§ What you have to do
Gather up every line from the entries below that uses the word "Boss".

§ Source material

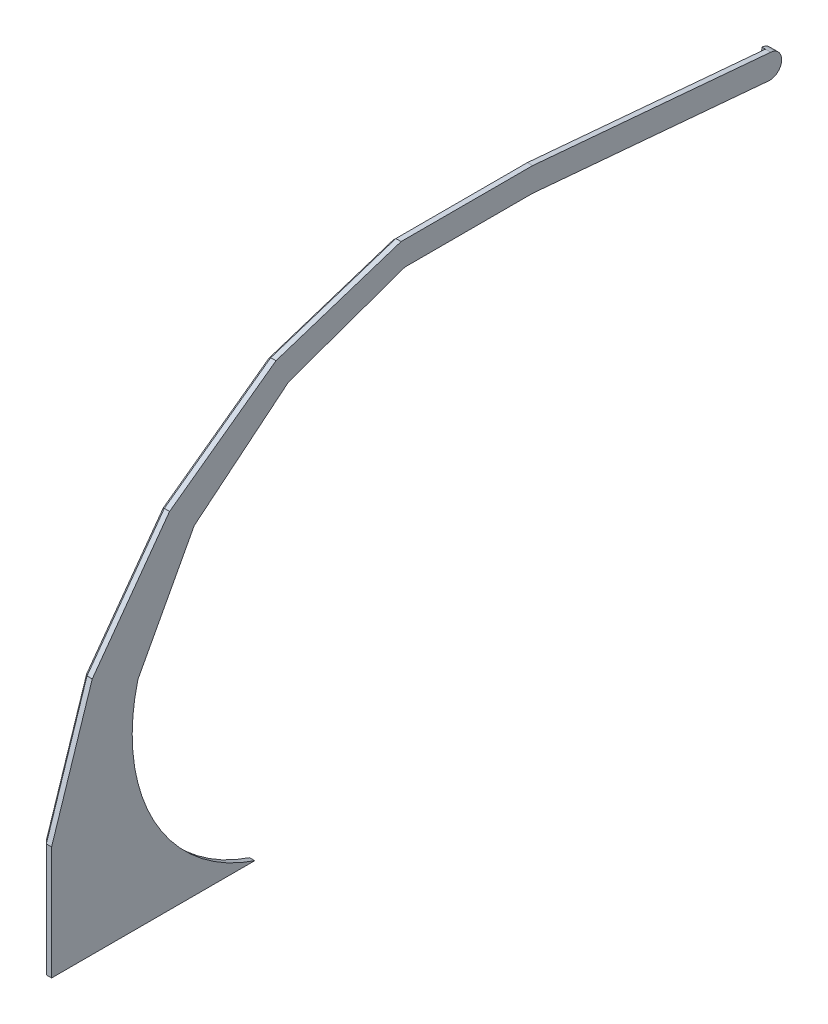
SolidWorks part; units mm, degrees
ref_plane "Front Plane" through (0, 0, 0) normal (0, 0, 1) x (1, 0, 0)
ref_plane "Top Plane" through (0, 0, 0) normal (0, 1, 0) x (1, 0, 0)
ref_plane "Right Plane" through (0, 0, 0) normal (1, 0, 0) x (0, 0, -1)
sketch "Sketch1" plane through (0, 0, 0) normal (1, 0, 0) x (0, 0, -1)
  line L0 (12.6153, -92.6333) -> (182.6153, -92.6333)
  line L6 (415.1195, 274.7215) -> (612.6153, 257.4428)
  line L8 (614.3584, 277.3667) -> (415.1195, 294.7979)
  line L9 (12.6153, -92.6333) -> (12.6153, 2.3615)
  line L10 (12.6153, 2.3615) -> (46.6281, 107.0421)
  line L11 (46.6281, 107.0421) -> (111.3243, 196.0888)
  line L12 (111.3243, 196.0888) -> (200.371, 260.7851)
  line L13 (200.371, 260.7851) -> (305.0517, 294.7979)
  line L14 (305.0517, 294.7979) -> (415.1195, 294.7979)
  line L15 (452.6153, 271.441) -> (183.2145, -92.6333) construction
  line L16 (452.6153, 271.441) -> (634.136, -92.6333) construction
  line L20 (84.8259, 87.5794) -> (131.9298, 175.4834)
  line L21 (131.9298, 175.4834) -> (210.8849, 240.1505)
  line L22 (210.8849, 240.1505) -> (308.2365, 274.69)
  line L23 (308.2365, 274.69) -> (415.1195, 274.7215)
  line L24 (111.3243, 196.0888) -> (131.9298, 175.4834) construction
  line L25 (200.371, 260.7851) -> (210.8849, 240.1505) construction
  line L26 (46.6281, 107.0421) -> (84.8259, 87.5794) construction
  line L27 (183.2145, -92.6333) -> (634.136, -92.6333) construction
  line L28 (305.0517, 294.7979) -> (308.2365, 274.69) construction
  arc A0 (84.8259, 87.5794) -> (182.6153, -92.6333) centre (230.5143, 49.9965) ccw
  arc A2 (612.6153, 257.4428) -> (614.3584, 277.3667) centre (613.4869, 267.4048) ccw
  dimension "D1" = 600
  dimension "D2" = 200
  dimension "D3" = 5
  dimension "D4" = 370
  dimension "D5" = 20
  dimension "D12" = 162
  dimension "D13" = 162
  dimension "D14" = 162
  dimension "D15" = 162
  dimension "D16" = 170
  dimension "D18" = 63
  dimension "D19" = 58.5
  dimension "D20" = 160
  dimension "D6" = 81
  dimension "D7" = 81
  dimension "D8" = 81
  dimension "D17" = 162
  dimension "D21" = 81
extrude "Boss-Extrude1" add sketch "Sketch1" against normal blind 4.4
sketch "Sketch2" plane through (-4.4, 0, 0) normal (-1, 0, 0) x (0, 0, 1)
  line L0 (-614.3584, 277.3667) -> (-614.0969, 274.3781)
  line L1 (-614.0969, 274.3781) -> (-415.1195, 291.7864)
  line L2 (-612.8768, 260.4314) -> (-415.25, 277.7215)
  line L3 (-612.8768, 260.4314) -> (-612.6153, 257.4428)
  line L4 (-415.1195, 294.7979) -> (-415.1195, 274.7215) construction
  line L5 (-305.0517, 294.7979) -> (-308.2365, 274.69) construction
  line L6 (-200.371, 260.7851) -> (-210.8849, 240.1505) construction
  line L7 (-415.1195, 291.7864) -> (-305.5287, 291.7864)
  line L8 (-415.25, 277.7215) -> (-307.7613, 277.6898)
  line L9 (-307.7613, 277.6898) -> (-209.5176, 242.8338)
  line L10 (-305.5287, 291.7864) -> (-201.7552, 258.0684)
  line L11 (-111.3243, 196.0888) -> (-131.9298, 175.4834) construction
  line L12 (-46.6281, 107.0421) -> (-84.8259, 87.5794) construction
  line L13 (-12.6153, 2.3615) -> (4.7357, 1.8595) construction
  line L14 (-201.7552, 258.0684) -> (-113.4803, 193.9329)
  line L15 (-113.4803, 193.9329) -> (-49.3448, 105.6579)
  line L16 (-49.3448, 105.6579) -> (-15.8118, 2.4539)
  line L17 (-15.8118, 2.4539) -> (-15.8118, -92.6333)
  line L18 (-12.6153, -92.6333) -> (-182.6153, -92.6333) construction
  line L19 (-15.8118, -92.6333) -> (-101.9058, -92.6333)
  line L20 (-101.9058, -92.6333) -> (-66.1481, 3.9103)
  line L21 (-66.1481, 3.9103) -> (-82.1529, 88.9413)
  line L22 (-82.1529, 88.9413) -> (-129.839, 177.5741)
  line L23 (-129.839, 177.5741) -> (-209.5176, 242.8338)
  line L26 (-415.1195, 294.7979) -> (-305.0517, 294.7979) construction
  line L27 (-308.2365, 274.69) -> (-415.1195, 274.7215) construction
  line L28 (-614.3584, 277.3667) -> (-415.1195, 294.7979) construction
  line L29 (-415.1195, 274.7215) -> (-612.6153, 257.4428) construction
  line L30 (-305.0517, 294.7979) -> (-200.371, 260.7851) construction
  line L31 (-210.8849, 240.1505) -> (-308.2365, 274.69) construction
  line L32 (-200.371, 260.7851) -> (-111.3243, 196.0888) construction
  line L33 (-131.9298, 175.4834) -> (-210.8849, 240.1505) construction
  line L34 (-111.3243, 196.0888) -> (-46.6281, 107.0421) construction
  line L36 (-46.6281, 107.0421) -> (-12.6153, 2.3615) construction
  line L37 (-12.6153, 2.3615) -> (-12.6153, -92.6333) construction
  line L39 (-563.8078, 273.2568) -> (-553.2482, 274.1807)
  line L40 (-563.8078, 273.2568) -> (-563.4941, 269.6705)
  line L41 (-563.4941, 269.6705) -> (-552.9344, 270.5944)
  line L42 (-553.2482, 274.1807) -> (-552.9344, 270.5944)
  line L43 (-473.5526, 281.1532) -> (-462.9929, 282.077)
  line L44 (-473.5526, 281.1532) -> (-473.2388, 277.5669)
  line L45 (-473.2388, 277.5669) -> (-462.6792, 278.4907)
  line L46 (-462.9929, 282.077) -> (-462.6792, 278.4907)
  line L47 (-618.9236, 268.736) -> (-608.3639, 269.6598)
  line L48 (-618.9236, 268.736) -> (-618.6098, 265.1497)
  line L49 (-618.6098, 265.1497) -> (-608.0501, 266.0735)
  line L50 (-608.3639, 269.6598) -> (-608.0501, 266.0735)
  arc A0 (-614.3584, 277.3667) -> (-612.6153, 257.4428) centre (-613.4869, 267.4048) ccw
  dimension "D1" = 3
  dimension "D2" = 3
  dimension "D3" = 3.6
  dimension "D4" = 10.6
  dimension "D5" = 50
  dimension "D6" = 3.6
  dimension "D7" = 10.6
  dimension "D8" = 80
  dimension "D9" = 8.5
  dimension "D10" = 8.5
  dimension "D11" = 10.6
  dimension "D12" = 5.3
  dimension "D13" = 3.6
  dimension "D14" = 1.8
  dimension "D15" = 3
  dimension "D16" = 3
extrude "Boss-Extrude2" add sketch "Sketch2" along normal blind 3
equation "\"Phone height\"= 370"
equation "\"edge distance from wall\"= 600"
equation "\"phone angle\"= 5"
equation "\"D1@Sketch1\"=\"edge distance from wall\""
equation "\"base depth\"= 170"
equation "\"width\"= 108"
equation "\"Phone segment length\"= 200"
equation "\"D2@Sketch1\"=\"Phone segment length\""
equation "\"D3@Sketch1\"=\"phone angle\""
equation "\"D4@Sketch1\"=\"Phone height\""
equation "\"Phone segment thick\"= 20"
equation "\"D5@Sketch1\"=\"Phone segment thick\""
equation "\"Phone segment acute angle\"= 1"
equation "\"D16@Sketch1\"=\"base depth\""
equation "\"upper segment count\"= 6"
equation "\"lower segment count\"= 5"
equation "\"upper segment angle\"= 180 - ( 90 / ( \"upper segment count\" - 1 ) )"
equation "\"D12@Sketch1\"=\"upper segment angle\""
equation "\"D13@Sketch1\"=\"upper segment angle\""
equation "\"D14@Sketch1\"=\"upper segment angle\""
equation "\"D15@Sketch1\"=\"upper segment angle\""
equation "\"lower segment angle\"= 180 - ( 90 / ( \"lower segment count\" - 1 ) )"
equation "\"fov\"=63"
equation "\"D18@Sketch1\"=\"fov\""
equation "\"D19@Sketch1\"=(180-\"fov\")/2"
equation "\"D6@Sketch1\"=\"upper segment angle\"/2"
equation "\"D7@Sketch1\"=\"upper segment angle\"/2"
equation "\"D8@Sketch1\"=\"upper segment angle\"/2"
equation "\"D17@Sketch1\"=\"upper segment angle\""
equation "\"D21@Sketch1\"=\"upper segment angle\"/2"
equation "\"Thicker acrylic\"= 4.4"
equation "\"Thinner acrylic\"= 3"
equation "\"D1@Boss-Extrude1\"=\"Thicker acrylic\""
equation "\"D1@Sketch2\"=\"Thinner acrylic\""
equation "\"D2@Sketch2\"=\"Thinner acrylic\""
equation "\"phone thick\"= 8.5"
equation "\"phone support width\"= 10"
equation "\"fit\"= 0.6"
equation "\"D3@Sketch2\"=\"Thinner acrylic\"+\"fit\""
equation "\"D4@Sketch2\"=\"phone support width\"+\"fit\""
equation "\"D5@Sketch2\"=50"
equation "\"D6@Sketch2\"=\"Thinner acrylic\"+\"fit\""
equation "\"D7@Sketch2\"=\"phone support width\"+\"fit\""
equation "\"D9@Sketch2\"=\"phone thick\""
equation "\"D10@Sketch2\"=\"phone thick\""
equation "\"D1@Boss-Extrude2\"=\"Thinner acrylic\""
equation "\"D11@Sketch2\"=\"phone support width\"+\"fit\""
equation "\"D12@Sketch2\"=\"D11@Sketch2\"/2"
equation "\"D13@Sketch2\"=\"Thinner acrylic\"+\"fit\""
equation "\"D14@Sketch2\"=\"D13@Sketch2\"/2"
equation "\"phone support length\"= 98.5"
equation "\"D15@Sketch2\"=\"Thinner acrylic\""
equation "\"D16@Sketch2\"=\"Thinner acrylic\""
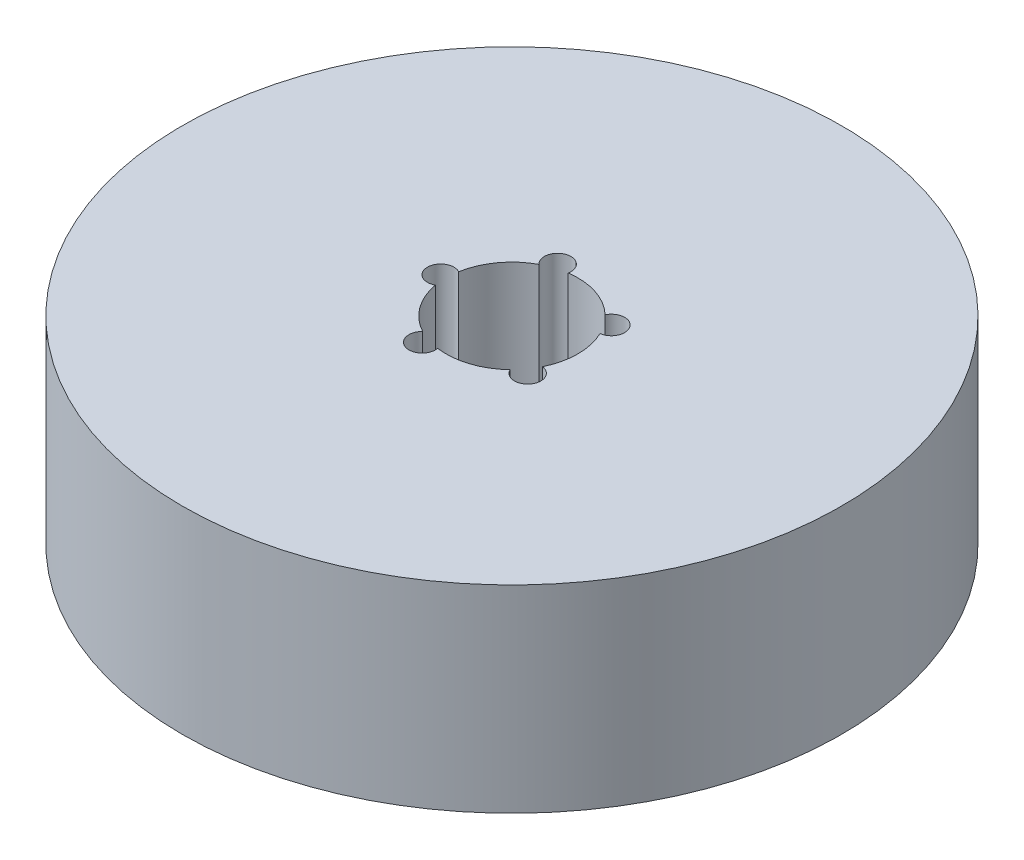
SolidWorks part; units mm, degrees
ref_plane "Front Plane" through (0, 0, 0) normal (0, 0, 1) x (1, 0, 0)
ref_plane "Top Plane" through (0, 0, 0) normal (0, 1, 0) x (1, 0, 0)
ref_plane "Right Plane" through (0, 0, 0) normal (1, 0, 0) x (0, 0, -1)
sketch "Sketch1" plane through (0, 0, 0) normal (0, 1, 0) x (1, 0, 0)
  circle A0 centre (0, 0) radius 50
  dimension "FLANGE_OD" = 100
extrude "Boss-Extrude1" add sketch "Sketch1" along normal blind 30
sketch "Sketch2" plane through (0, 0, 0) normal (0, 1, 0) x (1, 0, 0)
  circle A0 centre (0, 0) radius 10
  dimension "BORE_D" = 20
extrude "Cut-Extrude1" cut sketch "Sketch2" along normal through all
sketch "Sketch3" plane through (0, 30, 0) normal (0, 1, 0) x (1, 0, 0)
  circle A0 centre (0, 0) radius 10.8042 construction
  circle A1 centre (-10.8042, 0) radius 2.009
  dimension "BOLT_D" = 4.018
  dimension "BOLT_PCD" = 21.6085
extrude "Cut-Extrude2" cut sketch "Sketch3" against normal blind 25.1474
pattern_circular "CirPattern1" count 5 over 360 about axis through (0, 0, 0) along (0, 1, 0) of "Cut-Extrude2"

§ Exercise answer
extrude "Boss-Extrude1" add sketch "Sketch1" against normal blind 4.4
extrude "Boss-Extrude2" add sketch "Sketch2" along normal blind 3
equation "\"D1@Boss-Extrude1\"=\"Thicker acrylic\""
equation "\"D1@Boss-Extrude2\"=\"Thinner acrylic\""
extrude "Boss-Extrude1" add sketch "Sketch1" along normal blind 30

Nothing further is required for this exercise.